MATERIAL PROVIDED START

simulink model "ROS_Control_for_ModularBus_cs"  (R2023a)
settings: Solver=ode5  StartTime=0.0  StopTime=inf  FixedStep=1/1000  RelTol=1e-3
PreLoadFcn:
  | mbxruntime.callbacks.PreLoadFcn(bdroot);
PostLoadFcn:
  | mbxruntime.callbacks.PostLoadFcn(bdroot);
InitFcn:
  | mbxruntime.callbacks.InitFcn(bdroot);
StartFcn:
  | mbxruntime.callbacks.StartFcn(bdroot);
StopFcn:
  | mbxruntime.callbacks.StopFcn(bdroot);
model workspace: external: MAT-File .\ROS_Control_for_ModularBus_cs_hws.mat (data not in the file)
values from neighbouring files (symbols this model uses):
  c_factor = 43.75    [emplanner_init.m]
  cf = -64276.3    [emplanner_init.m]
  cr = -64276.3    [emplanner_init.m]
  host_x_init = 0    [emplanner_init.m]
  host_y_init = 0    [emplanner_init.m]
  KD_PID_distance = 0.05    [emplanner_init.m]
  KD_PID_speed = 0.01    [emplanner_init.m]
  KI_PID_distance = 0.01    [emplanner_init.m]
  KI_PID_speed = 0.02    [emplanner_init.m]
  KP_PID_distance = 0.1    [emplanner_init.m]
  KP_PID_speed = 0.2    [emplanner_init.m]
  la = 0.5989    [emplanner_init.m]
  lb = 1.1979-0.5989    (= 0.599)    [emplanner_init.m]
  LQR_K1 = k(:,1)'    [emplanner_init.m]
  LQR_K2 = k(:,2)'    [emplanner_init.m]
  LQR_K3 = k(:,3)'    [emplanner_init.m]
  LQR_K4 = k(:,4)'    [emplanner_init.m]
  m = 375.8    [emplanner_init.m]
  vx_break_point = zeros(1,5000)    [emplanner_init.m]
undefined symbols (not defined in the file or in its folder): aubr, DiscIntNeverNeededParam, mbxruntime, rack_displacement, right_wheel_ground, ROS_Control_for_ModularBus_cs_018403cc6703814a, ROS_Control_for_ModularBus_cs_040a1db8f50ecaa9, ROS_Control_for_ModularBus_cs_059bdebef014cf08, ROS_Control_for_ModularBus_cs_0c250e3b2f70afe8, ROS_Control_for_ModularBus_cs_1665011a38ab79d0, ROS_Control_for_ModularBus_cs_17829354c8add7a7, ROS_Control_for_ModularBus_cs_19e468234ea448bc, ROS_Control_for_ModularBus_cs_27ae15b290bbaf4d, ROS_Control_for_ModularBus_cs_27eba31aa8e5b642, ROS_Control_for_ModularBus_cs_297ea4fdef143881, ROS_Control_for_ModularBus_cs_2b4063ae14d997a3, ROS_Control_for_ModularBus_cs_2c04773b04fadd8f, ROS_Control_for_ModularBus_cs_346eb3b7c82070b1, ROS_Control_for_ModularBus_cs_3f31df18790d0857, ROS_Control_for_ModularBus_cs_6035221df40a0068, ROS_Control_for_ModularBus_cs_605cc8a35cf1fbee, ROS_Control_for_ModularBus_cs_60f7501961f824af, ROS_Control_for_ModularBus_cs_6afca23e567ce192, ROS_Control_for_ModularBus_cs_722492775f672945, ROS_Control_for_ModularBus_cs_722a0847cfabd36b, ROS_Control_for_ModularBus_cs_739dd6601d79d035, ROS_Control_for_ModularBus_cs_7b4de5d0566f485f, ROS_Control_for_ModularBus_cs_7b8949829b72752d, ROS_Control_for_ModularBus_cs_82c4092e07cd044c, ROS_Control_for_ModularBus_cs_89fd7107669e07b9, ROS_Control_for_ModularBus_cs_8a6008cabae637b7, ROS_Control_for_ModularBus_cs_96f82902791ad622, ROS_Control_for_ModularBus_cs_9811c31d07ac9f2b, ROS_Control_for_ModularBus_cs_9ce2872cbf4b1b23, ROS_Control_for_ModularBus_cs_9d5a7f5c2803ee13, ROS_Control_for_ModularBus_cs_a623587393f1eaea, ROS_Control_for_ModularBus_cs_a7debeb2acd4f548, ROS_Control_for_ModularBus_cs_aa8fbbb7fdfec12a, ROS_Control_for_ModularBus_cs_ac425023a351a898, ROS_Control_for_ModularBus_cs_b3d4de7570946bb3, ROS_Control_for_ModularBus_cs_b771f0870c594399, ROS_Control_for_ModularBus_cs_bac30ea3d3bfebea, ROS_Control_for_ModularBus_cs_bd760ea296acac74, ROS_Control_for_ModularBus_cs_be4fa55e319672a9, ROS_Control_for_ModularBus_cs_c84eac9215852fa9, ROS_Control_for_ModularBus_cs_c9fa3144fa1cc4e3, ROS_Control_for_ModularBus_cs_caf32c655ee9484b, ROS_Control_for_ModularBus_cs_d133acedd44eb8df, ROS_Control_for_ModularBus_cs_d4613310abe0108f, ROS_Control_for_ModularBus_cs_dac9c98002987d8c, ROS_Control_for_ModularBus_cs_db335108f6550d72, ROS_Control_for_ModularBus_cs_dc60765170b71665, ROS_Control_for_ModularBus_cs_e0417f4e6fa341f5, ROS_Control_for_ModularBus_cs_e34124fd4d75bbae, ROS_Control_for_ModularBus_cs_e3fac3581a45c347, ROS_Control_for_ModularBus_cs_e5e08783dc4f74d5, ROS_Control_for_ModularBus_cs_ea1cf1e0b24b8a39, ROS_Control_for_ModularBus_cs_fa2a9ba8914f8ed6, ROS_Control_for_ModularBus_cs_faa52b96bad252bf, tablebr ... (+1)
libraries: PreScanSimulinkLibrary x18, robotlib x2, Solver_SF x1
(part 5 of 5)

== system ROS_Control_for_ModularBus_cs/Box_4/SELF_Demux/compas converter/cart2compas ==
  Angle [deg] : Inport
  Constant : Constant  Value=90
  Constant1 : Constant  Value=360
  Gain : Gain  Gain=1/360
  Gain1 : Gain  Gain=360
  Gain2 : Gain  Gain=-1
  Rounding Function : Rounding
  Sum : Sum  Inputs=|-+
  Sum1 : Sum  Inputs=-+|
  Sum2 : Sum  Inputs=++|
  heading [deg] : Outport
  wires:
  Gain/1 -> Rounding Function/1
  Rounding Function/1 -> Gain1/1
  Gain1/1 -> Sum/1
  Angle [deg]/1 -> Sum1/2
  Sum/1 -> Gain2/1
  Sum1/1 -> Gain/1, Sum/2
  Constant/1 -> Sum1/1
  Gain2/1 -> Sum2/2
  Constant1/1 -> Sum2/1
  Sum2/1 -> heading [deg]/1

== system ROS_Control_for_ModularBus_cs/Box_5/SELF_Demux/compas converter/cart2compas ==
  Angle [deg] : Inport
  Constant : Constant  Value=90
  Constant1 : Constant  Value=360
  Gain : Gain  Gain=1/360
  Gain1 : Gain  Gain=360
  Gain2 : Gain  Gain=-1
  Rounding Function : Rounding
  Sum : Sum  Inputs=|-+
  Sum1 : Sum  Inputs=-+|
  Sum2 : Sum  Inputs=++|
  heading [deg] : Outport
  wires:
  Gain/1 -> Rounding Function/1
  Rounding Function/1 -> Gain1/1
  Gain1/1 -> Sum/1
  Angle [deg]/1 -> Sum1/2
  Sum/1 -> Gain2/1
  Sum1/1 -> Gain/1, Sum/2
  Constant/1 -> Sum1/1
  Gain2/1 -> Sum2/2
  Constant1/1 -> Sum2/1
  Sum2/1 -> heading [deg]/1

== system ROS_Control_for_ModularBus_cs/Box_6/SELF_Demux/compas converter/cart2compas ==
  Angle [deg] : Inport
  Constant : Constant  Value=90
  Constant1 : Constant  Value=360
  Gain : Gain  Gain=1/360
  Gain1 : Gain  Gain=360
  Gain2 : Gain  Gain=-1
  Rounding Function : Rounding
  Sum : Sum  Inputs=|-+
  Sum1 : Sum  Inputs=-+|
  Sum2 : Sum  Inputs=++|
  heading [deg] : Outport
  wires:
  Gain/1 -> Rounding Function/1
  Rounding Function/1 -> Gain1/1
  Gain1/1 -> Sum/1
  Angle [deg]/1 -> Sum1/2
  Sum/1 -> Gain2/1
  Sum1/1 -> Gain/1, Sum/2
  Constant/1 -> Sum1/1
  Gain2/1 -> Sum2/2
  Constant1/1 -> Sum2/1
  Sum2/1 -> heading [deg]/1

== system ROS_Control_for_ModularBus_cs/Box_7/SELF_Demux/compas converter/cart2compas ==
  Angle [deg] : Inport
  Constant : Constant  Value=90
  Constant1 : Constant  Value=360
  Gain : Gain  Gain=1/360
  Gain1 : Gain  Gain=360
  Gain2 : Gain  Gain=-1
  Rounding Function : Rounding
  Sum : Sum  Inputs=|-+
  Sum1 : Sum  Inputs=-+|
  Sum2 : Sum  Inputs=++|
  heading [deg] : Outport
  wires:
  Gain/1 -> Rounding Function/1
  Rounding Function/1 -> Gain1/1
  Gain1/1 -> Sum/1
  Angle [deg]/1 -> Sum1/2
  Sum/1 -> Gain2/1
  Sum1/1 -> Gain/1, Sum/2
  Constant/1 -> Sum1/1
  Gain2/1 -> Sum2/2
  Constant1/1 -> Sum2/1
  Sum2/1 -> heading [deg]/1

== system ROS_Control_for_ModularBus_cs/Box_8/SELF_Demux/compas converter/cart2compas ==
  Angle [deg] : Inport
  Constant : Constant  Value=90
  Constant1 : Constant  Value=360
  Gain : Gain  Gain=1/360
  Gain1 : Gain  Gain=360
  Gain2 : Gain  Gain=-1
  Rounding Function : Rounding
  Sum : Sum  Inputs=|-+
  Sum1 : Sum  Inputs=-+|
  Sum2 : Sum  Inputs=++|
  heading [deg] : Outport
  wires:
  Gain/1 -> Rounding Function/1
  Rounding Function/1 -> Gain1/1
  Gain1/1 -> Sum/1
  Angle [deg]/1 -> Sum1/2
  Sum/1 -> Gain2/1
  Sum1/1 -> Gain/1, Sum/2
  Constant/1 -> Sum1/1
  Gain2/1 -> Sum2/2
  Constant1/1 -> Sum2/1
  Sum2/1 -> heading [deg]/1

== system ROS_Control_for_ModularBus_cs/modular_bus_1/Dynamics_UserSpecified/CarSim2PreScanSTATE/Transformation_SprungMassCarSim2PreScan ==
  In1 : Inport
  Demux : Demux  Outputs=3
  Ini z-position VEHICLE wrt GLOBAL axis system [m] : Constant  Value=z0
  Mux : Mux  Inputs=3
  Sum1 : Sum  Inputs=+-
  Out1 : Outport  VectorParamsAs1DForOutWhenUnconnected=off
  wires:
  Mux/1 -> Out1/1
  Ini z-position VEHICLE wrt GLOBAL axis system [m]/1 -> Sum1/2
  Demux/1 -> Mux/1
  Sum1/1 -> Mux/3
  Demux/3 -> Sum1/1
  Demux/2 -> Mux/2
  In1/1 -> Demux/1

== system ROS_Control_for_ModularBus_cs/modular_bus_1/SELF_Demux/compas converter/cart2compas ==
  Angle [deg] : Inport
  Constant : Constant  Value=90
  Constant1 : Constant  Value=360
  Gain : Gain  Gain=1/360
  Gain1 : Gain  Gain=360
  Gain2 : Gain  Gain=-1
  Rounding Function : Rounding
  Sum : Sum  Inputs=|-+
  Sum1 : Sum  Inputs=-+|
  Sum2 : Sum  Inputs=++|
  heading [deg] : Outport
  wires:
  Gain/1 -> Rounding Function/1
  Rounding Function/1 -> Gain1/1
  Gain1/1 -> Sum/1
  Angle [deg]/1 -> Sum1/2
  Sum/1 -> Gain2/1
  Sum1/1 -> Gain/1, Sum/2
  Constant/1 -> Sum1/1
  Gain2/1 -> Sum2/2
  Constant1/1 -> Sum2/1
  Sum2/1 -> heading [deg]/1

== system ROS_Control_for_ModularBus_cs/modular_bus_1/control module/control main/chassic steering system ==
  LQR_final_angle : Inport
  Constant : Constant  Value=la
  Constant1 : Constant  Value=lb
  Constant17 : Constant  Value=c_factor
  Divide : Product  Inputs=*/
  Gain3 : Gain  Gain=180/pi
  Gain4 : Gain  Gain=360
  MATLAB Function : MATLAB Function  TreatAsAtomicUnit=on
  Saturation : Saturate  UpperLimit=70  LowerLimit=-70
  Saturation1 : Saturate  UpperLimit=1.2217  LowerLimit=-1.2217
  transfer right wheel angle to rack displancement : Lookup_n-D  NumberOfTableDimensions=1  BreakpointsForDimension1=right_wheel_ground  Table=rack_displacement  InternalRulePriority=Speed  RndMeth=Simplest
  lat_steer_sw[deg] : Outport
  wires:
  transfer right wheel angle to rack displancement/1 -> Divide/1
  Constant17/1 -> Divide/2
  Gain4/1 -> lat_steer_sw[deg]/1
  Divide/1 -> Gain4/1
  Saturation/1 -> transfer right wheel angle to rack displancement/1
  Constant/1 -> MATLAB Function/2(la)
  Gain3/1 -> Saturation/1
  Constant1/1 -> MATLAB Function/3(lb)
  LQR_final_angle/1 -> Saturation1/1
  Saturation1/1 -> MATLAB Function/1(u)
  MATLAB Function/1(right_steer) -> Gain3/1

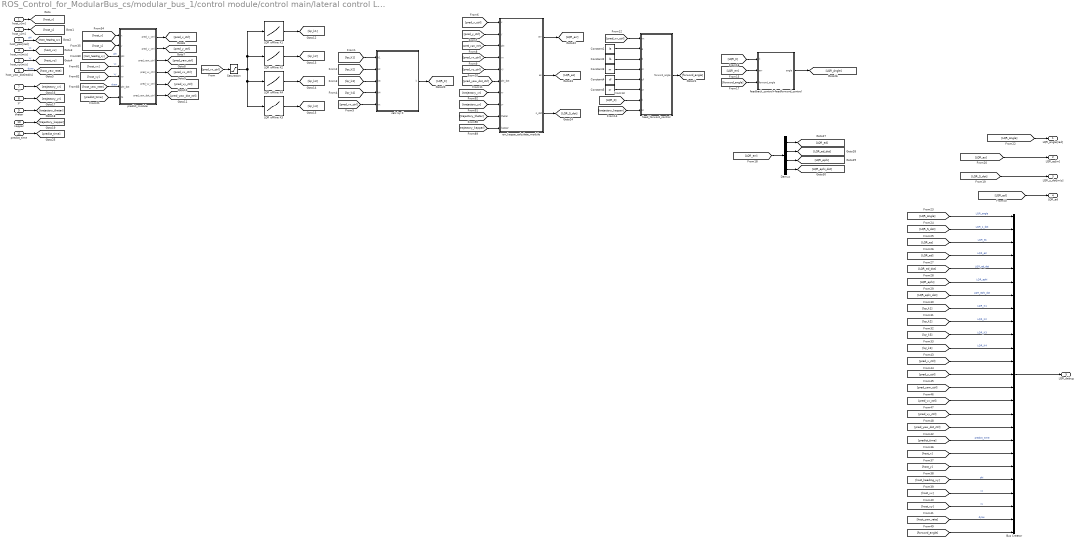
== system ROS_Control_for_ModularBus_cs/modular_bus_1/control module/control main/lateral control LQR ==
  host_x[m] : Inport
  host_y[m] : Inport  Port=2
  host_yaw[rad] : Inport  Port=3
  host_vx[m/s] : Inport  Port=4
  host_vy[m/s] : Inport  Port=5
  host_yaw_dot[rad/s] : Inport  Port=6
  xr : Inport  Port=7
  yr : Inport  Port=8
  thetar : Inport  Port=9
  kappar : Inport  Port=10
  predict_time : Inport  Port=11
  Bus Creator : BusCreator  Inputs=25
  Constant1 : Constant  Value=la
  Constant2 : Constant  Value=lb
  Constant3 : Constant  Value=m
  Constant4 : Constant  Value=cf
  Constant5 : Constant  Value=cr
  Demux : Demux
  LQR offline K1 : Lookup_n-D  NumberOfTableDimensions=1  BreakpointsForDimension1=vx_break_point  Table=LQR_K1  InternalRulePriority=Speed  RndMeth=Simplest
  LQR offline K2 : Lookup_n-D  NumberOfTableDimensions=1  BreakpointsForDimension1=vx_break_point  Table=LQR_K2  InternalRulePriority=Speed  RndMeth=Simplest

MATERIAL PROVIDED END

(INSTRUCTIONS FOR THE TASK) Lines that hold the word "bdroot" are the ones to copy from the entries above.

(SOLUTION FOR THIS TASK)
  | mbxruntime.callbacks.PreLoadFcn(bdroot);
  | mbxruntime.callbacks.PostLoadFcn(bdroot);
  | mbxruntime.callbacks.InitFcn(bdroot);
  | mbxruntime.callbacks.StartFcn(bdroot);
  | mbxruntime.callbacks.StopFcn(bdroot);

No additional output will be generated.